── Entries supplied ──
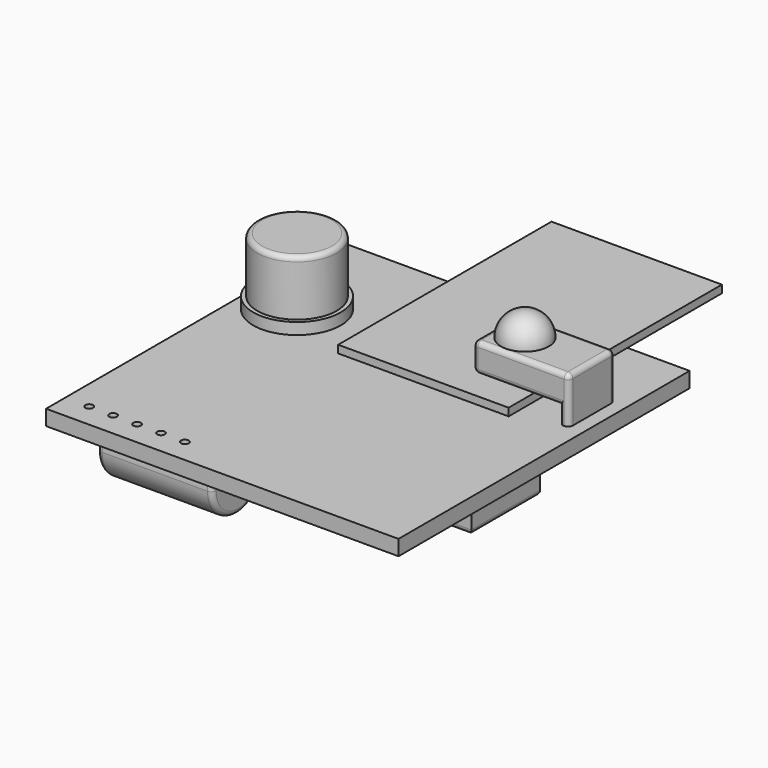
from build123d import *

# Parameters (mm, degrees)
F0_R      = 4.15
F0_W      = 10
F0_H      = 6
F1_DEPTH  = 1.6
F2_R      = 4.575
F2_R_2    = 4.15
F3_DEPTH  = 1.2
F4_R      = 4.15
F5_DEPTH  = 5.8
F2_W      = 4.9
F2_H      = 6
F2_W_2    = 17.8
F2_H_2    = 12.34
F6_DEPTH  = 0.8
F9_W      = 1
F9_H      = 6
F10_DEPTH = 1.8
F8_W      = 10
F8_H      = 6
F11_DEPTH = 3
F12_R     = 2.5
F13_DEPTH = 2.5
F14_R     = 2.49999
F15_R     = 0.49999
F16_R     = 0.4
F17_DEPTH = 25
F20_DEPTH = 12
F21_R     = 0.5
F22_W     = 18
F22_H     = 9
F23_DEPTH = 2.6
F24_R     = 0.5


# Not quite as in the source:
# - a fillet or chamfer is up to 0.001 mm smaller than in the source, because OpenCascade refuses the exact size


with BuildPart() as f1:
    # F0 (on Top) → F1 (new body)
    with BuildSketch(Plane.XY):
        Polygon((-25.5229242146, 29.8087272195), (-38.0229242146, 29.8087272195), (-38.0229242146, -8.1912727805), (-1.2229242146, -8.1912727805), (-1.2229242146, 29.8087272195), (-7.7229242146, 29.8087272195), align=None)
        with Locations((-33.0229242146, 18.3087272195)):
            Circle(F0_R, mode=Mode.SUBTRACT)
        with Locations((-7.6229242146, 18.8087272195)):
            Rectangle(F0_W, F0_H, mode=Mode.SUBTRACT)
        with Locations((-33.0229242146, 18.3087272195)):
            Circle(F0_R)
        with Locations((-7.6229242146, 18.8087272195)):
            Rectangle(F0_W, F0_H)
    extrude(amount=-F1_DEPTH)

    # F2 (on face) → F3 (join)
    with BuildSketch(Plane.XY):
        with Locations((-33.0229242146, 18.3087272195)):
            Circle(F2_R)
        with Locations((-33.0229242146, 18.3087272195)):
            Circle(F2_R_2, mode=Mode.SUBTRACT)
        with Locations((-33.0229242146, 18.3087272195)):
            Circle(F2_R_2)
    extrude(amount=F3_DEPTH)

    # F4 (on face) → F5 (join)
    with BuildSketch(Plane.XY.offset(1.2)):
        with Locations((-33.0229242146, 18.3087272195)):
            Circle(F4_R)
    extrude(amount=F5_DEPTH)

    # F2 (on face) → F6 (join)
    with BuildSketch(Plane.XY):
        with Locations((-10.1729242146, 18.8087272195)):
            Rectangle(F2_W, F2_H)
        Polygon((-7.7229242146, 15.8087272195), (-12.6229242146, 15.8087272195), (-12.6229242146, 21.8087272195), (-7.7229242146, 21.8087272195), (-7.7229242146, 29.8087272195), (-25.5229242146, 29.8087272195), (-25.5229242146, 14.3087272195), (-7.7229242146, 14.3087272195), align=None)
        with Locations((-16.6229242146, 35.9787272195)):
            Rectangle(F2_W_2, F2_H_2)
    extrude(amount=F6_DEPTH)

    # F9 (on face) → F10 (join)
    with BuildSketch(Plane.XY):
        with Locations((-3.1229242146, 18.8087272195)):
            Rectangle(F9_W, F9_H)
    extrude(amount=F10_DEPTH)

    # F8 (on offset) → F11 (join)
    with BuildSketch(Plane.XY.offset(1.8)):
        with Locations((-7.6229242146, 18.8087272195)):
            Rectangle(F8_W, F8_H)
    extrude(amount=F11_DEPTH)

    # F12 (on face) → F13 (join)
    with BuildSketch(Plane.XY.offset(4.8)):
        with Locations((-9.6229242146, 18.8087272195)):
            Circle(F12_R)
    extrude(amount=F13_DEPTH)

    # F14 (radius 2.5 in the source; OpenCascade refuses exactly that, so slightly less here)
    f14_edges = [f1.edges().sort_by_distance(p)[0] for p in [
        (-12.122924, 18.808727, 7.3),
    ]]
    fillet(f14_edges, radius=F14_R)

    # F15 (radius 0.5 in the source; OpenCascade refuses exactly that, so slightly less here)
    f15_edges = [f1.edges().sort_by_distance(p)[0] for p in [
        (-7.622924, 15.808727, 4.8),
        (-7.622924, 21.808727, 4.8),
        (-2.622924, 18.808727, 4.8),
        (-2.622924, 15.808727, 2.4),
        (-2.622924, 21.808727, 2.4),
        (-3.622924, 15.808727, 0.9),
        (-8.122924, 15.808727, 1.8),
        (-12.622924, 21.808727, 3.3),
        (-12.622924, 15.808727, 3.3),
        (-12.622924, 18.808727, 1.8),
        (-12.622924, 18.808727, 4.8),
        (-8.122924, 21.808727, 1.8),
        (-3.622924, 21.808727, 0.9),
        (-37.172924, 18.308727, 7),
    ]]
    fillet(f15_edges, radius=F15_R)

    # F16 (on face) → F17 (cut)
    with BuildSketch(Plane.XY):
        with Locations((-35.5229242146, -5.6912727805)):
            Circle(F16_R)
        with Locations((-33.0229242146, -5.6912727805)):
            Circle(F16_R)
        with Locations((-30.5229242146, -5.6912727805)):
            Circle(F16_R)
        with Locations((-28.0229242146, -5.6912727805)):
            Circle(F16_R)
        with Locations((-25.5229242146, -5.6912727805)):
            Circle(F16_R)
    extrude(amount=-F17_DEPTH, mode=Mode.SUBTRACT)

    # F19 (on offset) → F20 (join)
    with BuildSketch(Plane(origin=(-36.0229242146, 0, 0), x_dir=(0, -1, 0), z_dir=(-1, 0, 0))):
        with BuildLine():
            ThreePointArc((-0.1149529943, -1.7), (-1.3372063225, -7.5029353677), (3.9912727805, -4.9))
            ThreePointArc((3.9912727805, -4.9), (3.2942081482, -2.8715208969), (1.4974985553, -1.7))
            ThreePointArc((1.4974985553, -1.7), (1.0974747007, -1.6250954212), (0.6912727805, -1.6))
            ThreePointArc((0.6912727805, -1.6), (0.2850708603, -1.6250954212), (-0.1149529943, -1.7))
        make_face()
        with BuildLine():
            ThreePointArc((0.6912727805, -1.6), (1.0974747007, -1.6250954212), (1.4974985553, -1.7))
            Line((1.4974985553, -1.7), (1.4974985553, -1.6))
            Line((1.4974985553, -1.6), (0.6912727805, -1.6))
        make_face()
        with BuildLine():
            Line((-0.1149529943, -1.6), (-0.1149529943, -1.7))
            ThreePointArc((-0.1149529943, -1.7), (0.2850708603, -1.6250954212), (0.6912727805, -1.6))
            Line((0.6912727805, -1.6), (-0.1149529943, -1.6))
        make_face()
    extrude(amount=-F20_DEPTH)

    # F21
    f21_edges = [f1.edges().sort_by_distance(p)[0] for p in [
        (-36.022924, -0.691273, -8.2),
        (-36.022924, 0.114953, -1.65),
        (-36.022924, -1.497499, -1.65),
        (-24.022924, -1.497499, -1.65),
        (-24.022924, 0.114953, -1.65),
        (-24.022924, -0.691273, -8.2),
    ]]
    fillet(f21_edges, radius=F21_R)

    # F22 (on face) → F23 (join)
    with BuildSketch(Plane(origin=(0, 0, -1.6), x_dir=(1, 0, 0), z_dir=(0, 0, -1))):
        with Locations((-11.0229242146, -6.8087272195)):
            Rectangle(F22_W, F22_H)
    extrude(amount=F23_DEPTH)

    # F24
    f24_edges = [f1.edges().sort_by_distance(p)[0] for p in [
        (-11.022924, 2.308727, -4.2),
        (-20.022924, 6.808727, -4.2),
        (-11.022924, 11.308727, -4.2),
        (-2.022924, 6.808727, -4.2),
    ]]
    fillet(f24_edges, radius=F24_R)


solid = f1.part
───
## What needs to be done
Which lines of the data include the string "Rectangle"? Find them and copy each one.

## Task result
            Rectangle(F0_W, F0_H, mode=Mode.SUBTRACT)
            Rectangle(F0_W, F0_H)
            Rectangle(F2_W, F2_H)
            Rectangle(F2_W_2, F2_H_2)
            Rectangle(F9_W, F9_H)
            Rectangle(F8_W, F8_H)
            Rectangle(F22_W, F22_H)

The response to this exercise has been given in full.